Advertisement

No Butts About It, It Was a Bad Day for Theft

Share
TIMES STAFF WRITER

Daniel McCoy must have wanted a cigarette badly.

To get one, he reportedly took on a .38-caliber pistol, baseball bat, stun gun, angry market owner and persistent if unsuccessful clerk at a North Park market.

All, apparently, for some good smokes. And he didn’t even get that.

He was under police guard Sunday night at Mercy Hospital, where he is under arrest on suspicion of assault with a deadly weapon.

Police said McCoy entered the Rigel Meat Co. market at 2145 Fern St. about 11:40 a.m. Sunday and stuffed two cartons of cigarettes into his pants.

Advertisement

“He’d been in a few times before” and acted suspiciously, said Virginia Sawaya, 18, who was working the front counter of the store.

Sawaya said McCoy denied having the cigarettes in his pants when she confronted him, but that, when she pulled up his shirt, the cartons were visible.

Her father, Paul, 56, who had run his store at the same site for 14 years without a robbery, came over and told McCoy to walk to a back room to wait while he called police, Sawaya said.

“But he wouldn’t go. He got violent, you know, and my father tried to push him a little toward the back room,” she said.

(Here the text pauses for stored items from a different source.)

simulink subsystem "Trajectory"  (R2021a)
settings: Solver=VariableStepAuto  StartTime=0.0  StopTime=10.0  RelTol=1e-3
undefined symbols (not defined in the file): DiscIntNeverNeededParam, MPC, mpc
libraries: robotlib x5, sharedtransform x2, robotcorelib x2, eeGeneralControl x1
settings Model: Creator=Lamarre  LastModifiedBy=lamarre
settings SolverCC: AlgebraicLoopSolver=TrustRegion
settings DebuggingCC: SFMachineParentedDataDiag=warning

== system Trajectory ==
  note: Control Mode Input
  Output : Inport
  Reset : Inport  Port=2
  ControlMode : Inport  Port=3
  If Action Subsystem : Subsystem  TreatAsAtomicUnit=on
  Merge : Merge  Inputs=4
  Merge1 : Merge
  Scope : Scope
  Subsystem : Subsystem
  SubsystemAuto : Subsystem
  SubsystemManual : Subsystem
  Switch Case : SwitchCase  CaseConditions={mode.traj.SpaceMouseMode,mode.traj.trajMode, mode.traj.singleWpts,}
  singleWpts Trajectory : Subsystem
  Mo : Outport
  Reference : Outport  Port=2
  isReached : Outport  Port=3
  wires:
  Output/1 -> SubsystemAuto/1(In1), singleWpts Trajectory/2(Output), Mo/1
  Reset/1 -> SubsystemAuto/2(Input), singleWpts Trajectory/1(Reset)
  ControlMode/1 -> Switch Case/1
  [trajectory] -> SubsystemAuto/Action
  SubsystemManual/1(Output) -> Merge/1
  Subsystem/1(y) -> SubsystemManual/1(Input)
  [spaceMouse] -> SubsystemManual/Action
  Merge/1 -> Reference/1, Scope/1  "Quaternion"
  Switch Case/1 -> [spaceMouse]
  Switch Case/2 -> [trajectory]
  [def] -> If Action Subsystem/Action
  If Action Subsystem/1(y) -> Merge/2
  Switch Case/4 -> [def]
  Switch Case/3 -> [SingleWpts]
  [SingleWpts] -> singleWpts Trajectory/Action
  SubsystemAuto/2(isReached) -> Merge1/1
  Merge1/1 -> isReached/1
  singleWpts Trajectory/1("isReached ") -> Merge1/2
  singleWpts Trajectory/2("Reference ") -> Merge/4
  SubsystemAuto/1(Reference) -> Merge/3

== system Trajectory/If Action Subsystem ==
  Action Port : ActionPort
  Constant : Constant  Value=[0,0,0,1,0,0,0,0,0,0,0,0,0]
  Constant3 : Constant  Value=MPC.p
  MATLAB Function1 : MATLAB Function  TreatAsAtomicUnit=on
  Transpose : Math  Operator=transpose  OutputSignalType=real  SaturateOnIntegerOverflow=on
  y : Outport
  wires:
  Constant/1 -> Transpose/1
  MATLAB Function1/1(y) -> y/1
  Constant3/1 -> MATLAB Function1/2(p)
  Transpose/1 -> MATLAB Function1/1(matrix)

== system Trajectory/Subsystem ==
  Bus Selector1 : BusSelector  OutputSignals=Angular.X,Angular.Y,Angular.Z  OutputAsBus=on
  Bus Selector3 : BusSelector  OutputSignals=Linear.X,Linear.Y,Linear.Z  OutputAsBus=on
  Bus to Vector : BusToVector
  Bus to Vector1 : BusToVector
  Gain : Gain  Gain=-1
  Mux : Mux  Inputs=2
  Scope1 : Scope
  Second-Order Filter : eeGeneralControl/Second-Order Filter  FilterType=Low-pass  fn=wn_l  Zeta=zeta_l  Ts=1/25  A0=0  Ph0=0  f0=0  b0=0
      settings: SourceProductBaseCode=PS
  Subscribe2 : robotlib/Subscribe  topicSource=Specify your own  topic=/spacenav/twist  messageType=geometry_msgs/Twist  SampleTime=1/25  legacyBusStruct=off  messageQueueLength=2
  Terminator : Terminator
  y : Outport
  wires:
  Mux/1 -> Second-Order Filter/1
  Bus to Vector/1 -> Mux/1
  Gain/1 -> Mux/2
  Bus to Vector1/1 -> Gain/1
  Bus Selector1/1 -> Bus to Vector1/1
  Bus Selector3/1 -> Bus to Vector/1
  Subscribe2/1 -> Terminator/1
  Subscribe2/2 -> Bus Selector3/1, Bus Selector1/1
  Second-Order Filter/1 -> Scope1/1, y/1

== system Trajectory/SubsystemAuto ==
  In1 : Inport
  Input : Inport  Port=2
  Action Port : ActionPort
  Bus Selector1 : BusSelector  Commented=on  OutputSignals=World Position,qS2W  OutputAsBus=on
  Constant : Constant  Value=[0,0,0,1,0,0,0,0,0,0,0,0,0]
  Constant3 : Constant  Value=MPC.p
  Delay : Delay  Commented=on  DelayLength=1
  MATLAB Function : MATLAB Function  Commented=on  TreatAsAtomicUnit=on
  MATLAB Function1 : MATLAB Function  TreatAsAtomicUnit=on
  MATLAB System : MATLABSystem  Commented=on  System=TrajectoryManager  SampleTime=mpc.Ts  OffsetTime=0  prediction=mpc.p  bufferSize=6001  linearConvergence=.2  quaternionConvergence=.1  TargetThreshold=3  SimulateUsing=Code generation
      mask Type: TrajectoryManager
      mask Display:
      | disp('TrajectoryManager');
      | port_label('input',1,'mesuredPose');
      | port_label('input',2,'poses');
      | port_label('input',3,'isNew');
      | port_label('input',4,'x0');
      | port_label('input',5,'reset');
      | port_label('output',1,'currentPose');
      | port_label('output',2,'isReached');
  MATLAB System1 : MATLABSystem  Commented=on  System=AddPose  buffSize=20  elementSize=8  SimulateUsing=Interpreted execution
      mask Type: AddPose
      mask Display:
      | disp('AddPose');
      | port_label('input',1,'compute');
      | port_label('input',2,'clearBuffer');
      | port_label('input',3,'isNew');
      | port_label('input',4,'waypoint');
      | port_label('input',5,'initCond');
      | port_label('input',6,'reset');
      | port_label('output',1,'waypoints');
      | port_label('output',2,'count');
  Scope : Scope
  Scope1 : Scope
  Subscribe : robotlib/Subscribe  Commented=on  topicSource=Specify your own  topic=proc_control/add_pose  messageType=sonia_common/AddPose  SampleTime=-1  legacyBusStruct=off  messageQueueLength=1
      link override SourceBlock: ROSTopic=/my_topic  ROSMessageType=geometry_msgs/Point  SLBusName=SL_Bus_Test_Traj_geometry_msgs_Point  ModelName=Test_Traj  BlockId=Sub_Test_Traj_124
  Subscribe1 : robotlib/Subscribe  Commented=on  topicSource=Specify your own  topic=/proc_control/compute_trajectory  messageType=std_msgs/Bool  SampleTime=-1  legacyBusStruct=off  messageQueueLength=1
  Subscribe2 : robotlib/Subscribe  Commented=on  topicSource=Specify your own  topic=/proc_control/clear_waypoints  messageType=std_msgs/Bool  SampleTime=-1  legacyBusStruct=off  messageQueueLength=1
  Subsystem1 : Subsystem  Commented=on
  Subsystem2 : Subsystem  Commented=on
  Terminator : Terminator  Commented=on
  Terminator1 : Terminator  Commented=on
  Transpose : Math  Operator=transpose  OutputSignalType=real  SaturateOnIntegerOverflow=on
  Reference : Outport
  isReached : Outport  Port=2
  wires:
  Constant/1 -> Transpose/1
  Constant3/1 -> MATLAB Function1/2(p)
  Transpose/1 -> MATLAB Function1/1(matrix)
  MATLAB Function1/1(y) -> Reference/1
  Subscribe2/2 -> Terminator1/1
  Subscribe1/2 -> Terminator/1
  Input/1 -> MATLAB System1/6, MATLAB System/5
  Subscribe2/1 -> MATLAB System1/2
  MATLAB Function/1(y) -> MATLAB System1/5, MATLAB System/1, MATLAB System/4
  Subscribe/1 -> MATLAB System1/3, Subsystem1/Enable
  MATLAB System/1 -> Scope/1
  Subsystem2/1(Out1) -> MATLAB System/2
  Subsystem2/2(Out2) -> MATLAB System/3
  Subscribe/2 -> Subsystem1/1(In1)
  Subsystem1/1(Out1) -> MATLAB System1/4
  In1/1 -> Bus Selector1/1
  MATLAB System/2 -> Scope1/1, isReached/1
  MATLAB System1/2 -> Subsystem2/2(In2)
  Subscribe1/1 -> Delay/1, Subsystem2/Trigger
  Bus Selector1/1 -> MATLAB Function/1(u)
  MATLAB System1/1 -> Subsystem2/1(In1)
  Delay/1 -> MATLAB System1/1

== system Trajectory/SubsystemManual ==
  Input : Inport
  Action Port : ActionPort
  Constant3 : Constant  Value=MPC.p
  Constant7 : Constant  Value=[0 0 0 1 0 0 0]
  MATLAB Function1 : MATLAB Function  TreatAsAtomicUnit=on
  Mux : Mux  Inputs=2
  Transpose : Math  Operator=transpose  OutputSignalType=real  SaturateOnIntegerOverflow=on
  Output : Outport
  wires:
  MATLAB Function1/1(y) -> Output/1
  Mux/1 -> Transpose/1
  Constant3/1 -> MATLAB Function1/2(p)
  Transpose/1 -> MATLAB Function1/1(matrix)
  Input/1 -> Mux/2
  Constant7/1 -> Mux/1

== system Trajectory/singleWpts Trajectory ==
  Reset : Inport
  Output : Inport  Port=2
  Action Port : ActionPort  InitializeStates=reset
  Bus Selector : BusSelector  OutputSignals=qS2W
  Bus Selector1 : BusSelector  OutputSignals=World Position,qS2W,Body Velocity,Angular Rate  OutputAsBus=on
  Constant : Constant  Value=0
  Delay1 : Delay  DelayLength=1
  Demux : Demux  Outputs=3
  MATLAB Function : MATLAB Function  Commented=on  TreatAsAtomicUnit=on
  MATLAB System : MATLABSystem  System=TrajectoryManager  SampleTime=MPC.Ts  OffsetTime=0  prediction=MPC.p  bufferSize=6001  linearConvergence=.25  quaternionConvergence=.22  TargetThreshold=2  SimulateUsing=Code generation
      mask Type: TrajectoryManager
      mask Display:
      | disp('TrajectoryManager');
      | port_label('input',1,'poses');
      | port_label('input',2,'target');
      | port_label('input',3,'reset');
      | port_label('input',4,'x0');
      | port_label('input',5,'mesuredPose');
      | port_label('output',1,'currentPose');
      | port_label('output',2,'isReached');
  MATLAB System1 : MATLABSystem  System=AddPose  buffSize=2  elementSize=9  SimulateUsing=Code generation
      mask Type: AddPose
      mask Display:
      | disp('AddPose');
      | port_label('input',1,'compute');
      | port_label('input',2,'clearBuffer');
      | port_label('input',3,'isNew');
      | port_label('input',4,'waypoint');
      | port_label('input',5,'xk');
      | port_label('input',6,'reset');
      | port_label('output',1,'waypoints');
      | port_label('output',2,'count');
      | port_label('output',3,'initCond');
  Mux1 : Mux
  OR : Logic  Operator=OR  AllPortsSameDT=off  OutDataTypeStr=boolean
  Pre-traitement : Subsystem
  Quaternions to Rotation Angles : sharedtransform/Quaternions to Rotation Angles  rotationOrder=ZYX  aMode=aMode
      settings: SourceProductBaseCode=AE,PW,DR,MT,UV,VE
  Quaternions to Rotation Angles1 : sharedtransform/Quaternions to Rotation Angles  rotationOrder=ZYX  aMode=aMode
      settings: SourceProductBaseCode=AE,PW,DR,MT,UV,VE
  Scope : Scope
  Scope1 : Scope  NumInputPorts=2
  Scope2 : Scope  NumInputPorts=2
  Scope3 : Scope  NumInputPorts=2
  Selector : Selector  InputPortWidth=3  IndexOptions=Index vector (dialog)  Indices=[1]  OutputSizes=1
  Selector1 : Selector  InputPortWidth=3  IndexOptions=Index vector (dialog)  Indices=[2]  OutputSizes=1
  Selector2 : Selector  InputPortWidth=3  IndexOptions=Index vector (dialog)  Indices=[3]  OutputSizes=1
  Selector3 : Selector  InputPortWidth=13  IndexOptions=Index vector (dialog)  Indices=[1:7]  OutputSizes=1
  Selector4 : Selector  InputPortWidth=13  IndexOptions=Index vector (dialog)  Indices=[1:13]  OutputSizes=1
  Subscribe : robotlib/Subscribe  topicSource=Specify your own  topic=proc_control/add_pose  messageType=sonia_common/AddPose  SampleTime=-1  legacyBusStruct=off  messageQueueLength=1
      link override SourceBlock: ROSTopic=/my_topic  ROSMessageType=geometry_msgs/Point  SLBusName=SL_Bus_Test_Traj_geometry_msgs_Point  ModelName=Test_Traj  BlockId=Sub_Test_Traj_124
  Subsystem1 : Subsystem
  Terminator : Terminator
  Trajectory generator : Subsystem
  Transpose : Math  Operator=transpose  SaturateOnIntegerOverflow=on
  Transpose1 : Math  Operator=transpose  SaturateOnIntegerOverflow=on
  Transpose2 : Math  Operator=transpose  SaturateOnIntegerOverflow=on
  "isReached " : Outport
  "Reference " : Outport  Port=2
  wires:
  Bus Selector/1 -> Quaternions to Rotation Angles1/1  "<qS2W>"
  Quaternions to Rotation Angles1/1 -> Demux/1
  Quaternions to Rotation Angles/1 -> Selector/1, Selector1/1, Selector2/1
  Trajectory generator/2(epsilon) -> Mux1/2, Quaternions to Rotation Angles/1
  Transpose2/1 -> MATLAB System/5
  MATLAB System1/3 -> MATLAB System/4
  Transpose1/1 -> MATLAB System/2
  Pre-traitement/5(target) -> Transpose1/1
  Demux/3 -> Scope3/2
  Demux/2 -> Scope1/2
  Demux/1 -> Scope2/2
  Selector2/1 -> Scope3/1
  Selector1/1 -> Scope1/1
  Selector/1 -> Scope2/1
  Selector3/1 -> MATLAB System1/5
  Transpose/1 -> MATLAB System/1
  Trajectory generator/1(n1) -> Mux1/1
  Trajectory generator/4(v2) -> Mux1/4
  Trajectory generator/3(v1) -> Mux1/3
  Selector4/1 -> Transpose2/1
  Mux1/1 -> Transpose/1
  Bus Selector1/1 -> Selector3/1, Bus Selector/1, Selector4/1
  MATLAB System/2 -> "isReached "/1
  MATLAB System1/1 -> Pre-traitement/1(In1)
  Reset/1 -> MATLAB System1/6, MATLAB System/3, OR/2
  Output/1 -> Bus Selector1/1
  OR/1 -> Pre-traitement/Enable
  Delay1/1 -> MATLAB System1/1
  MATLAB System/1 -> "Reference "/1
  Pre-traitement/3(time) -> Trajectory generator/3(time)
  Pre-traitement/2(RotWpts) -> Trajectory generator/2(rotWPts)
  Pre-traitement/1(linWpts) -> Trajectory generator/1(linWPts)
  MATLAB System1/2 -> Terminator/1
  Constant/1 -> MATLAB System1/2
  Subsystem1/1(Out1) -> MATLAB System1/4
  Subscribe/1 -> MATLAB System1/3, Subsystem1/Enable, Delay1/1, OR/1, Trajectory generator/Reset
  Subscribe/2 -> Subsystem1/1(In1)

When McCoy kept resisting, Sawaya said, her father pulled out his “.38 special” and cocked the hammer, while she grabbed a stun gun from behind the counter as customers fled the store.

“He wouldn’t stop fighting, you know, pushing my father, so I tried five times (jabbing him with the electrical stun device), but it didn’t have any effect--and it was working, too,” Sawaya said.

Advertisement

She said McCoy grabbed the stun gun and tried to stun her with it, but she grabbed it back.

Undeterred, she said, she picked up a baseball bat from behind the counter.

“Then he grabbed a glass jar (of pickles) and threatened to hurt my father. We yelled stop--we kept yelling for him to stop--but he was wild,” Sawaya said.

She said she swung the bat at McCoy, but he wrestled it away and swung at her.

“And, when he tried to swing at my father, that’s when he shot him, once, in the groin. . . . He fell to the floor, then got up and ran out of the store,” she said.

The Sawayas called the police. Officers found McCoy limping nearby along Grape Street.

He said a man in a passing car had shot him for no apparent reason. Sawaya said she went to the hospital and identified McCoy to police as the determined cigarette lover.

McCoy was listed in fair condition Sunday.

Sawaya said she was not hurt. Her father’s neck was bruised. The entire incident took less than five minutes.

Police said they will seek to have McCoy charged with assault with a deadly weapon.